> TASK INSTRUCTIONS:
Filter the records below and copy every line containing the word "arial".

(Items from a data source)
——————

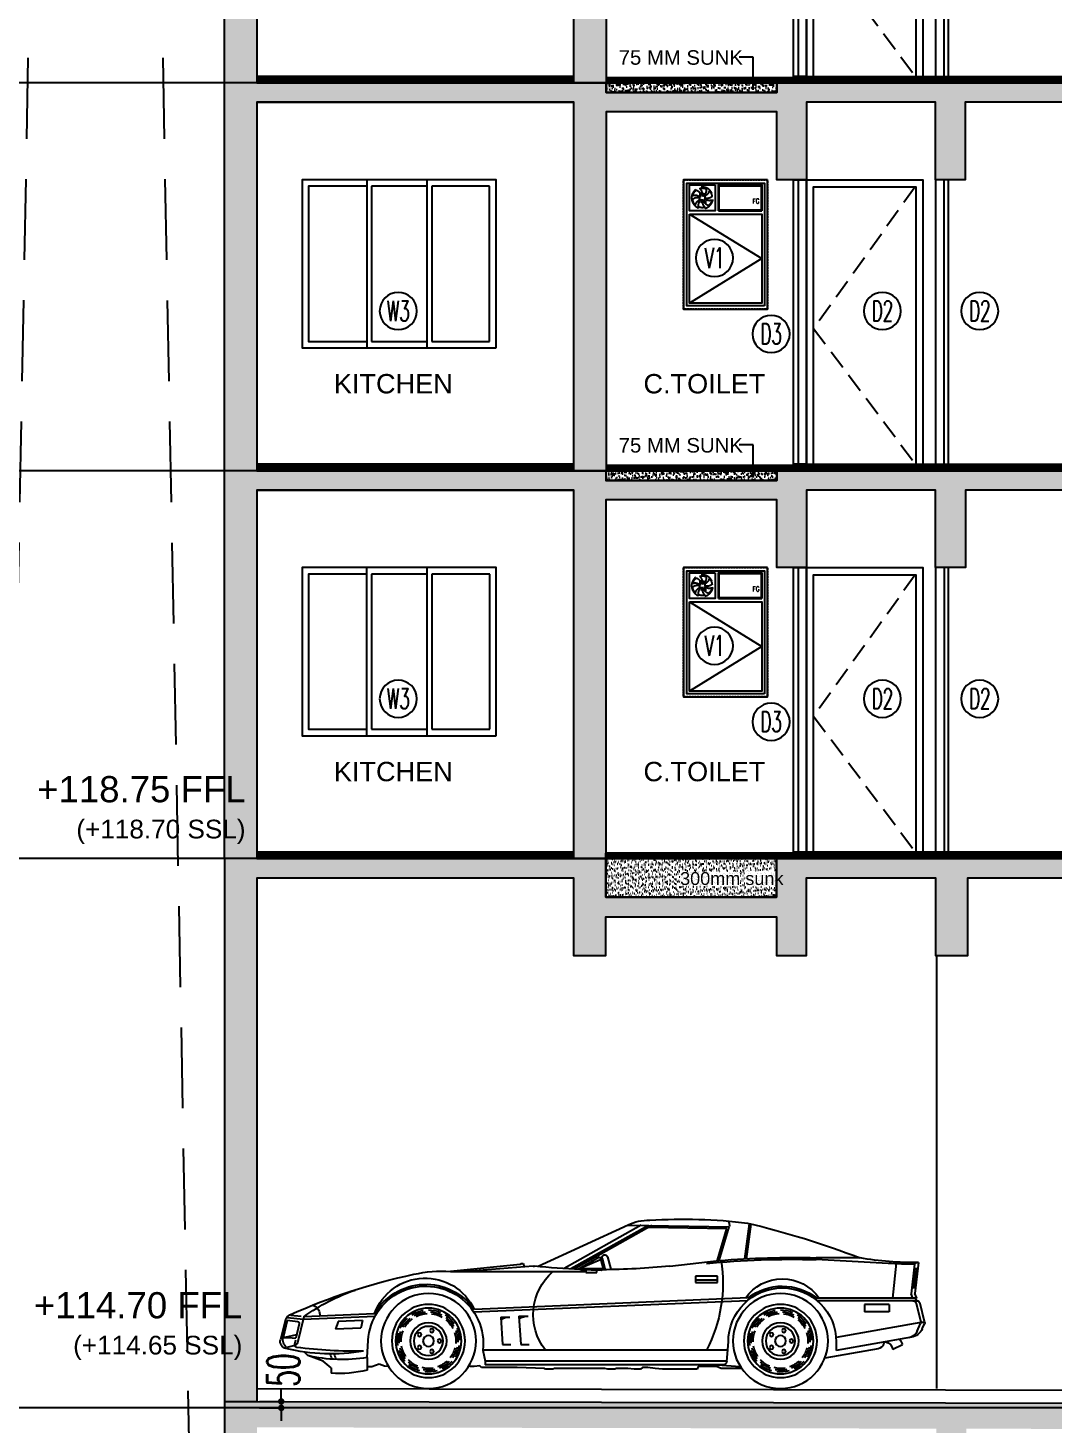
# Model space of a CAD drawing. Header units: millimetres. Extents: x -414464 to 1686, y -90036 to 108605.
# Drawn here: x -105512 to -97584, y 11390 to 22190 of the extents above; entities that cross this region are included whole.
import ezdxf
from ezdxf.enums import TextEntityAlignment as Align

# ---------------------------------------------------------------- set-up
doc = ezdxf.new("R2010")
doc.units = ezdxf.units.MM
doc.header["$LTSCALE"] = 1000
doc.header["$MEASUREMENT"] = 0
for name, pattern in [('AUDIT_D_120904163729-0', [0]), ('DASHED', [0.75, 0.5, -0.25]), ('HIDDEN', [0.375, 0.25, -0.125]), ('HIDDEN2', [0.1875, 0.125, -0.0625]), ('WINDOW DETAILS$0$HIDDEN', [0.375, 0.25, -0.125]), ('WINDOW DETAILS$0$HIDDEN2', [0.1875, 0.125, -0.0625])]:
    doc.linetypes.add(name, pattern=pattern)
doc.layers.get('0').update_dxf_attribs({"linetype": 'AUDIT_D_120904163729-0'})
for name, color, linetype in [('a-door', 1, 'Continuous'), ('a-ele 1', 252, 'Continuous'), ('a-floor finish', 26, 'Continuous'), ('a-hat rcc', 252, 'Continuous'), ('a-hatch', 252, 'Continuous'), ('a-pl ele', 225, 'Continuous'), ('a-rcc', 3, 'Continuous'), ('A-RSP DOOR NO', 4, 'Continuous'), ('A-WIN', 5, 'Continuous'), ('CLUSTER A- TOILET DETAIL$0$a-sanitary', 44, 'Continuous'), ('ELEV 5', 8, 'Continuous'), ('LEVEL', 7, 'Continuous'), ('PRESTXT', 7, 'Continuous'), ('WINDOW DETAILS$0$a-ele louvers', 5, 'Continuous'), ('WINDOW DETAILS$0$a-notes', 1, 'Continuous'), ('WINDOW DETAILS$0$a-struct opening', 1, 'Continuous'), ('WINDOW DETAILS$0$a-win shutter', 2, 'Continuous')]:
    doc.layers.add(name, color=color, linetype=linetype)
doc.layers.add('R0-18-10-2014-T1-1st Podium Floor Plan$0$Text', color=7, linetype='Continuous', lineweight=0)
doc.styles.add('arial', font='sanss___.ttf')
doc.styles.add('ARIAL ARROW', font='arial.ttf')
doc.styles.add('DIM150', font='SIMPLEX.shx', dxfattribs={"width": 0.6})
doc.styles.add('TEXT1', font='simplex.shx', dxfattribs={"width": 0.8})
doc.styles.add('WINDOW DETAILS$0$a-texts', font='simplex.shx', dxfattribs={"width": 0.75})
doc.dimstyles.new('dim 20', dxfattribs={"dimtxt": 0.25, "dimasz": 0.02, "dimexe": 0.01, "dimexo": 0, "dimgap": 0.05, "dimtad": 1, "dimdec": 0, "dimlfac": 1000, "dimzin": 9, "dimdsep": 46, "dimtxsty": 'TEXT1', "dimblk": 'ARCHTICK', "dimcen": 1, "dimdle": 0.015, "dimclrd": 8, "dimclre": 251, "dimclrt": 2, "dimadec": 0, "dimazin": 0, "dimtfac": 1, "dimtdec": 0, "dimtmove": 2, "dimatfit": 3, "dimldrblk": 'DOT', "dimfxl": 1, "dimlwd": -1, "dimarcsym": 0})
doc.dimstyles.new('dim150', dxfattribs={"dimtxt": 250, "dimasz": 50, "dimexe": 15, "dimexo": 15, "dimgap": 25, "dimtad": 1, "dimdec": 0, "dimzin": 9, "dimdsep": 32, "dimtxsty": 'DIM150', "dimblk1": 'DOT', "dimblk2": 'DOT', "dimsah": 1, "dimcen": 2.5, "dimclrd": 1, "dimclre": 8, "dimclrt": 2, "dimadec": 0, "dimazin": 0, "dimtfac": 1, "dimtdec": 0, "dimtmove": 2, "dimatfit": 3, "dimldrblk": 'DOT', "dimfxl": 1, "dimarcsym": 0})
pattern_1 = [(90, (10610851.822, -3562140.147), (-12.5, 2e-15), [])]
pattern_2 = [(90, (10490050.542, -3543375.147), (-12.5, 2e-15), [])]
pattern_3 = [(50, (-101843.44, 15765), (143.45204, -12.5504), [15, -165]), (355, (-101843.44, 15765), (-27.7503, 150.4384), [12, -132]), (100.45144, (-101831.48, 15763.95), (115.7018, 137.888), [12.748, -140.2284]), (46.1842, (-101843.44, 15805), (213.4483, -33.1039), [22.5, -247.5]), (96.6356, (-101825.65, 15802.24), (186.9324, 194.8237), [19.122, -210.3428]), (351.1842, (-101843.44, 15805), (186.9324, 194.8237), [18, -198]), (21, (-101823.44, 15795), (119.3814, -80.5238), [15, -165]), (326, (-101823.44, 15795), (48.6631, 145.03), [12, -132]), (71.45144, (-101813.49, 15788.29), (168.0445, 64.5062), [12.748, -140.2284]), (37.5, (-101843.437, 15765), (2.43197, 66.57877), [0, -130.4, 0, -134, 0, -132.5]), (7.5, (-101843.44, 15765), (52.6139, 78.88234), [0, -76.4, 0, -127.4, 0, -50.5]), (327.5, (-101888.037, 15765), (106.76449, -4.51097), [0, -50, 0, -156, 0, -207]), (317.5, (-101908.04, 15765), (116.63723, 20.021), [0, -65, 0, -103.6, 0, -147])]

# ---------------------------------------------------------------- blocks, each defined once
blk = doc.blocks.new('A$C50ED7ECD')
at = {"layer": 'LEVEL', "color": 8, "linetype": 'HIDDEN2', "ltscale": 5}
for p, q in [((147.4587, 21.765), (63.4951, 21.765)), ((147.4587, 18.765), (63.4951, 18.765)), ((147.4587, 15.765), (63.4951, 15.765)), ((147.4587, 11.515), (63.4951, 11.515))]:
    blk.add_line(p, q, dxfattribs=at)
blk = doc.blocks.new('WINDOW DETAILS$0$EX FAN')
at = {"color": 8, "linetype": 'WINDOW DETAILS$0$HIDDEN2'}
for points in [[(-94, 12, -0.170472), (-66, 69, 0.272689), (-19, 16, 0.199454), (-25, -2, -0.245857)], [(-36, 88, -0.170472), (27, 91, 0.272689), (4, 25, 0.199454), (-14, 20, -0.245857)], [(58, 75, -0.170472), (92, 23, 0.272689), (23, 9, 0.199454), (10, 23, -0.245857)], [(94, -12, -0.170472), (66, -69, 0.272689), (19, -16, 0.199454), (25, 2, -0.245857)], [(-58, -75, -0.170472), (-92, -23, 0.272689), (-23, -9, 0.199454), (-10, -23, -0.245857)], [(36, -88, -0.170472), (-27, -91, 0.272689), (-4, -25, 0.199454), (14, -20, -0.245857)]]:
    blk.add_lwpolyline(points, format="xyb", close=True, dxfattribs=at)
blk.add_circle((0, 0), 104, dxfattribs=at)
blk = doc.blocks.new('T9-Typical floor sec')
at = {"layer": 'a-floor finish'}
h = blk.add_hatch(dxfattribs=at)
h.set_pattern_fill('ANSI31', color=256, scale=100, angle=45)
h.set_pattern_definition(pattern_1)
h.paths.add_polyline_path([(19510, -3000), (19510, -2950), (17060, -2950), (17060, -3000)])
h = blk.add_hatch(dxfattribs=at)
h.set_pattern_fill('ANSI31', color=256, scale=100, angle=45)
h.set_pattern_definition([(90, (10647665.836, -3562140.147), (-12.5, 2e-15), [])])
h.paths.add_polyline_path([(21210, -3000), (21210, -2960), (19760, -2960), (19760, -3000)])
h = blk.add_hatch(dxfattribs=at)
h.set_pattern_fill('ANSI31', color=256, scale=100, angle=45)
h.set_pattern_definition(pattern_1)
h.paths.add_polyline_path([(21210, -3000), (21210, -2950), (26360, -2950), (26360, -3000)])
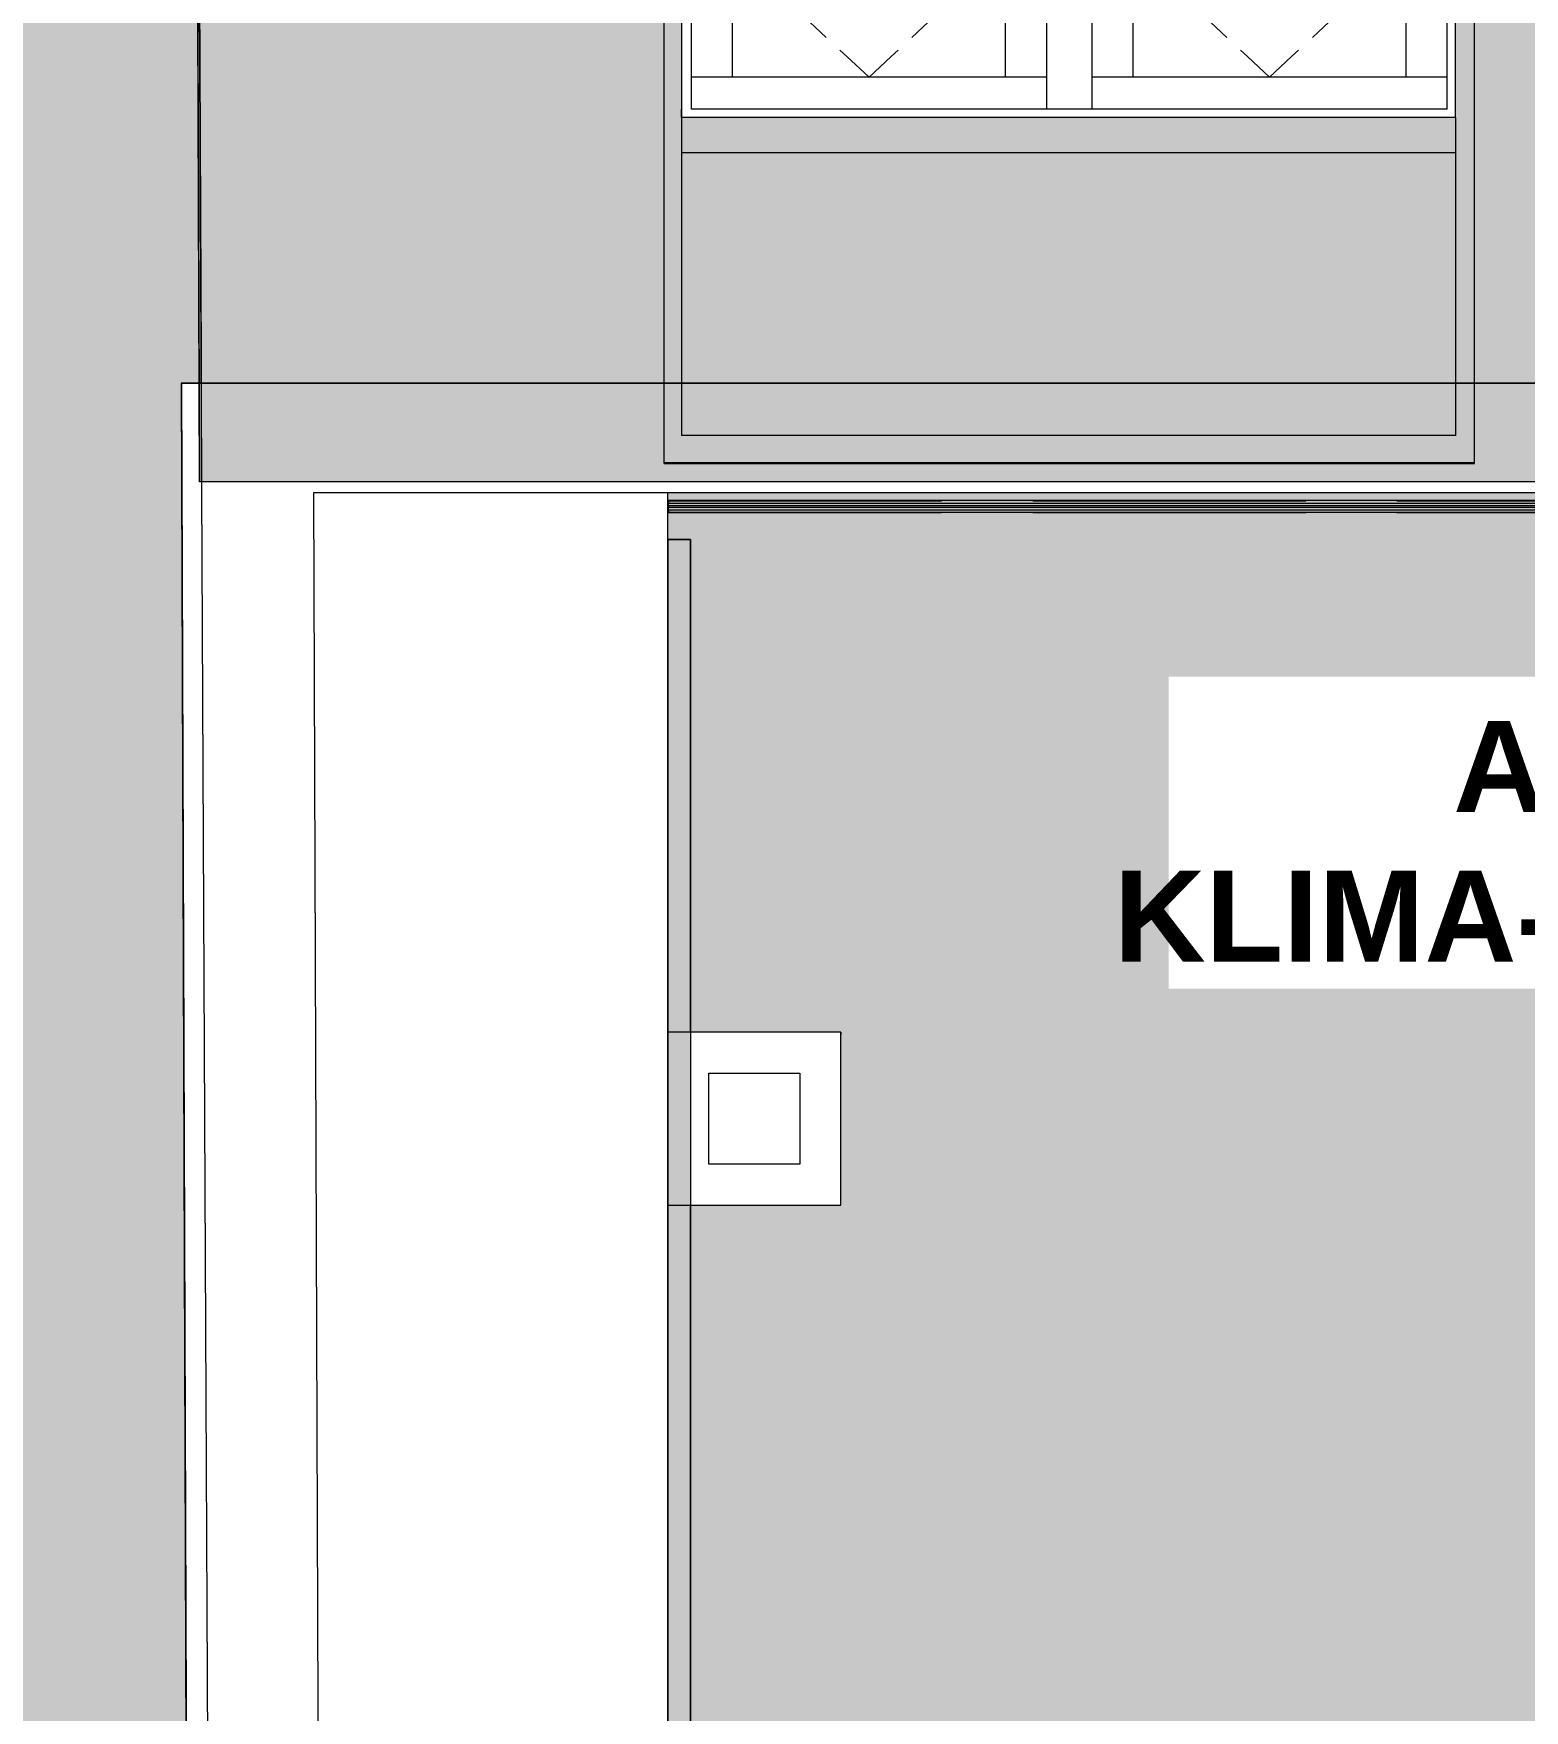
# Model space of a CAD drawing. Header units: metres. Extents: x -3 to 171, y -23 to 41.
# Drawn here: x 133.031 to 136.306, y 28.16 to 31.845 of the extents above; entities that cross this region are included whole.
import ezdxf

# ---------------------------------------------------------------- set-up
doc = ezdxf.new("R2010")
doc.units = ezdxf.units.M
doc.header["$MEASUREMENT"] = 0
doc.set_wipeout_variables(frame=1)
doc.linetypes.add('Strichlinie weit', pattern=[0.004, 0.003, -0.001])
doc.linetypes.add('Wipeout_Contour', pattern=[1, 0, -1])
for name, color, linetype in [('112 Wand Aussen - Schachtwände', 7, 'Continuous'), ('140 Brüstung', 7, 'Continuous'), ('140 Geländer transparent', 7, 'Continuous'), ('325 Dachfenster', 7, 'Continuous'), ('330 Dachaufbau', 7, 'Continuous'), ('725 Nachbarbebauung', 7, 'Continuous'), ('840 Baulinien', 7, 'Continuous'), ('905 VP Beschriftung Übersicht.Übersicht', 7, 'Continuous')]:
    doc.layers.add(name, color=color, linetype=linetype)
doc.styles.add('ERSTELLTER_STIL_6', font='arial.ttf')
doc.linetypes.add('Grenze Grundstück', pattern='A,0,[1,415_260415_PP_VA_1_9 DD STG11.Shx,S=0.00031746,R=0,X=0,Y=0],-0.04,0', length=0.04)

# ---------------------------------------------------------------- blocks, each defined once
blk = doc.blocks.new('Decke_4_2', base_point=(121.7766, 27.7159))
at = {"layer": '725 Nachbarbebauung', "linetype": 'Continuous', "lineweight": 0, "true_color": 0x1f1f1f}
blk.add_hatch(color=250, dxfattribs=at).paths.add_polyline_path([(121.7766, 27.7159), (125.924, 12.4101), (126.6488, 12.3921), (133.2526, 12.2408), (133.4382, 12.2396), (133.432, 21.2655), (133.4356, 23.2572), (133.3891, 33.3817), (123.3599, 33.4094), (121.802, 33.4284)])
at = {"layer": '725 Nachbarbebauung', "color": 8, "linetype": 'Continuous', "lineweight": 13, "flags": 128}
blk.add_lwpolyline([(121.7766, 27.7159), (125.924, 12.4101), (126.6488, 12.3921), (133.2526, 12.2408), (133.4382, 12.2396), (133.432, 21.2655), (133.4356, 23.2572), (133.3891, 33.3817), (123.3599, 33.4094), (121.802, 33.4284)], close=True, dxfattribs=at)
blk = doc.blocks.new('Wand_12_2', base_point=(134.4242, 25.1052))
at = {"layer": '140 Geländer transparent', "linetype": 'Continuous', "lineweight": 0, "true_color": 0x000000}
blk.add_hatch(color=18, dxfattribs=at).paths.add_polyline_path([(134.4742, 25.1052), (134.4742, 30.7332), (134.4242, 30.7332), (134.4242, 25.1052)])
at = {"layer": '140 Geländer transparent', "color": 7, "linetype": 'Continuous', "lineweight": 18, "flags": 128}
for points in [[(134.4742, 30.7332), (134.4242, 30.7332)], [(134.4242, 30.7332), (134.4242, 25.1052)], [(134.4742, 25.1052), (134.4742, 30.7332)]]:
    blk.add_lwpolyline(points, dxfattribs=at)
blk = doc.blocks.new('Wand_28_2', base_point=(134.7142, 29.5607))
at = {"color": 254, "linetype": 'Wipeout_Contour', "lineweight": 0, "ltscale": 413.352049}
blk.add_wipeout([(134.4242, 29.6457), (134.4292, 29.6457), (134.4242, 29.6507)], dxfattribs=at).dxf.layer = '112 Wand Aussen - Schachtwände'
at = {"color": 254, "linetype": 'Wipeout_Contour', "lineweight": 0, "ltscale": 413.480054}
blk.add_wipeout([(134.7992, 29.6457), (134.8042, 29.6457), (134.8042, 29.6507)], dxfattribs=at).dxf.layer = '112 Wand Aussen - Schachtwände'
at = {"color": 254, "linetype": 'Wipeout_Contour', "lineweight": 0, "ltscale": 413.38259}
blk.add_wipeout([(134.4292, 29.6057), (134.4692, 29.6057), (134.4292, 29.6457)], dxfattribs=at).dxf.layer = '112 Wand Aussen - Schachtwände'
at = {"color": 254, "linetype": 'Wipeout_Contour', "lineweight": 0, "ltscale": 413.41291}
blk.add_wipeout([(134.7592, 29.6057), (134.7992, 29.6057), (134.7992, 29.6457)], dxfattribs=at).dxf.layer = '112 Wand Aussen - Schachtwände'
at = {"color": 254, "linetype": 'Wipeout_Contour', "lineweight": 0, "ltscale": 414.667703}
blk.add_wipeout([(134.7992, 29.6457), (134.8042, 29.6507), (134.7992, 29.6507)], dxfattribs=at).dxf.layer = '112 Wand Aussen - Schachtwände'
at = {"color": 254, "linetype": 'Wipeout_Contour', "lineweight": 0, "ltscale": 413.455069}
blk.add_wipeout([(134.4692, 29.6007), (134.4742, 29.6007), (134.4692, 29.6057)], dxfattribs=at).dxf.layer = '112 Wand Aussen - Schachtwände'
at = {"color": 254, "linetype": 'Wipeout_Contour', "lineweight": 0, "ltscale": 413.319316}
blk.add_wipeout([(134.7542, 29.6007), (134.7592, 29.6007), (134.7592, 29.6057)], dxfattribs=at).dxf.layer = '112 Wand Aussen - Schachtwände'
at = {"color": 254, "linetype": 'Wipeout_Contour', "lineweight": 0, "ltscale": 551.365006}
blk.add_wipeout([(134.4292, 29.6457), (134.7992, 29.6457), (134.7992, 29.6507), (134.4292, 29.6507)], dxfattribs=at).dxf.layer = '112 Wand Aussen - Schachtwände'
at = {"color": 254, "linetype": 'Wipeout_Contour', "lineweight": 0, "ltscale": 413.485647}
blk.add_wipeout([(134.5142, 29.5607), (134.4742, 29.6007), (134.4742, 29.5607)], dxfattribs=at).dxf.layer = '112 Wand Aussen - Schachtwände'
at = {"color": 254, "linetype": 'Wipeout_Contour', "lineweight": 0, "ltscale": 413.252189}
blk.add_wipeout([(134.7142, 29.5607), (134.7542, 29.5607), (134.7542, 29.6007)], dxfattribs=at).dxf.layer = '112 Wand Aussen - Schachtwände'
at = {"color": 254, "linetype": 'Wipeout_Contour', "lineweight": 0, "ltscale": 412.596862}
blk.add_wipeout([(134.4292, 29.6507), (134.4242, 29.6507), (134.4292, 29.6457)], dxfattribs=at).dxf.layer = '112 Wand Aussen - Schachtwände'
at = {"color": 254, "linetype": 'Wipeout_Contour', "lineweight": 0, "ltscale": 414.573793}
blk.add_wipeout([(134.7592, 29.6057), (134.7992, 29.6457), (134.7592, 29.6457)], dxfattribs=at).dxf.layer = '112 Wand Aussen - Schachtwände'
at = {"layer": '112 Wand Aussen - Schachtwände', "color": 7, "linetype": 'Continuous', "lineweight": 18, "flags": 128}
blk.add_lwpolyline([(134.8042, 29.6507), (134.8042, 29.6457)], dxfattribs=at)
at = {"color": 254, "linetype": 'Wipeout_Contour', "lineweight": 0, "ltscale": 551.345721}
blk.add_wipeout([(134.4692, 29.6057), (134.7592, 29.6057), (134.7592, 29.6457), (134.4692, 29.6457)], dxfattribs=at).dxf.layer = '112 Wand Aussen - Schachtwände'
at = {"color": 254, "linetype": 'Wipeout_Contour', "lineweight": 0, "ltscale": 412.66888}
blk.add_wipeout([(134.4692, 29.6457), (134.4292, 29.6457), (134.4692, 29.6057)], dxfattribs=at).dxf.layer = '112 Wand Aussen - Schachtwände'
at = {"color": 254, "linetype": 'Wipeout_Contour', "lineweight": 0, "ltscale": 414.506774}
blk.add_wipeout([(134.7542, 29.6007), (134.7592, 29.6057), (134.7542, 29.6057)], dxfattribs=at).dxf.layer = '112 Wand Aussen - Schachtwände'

——————

> SOLUTION FOR THIS EXERCISE:
doc.styles.add('arial', font='sanss___.ttf')
doc.styles.add('ARIAL ARROW', font='arial.ttf')
doc.styles.add('ERSTELLTER_STIL_6', font='arial.ttf')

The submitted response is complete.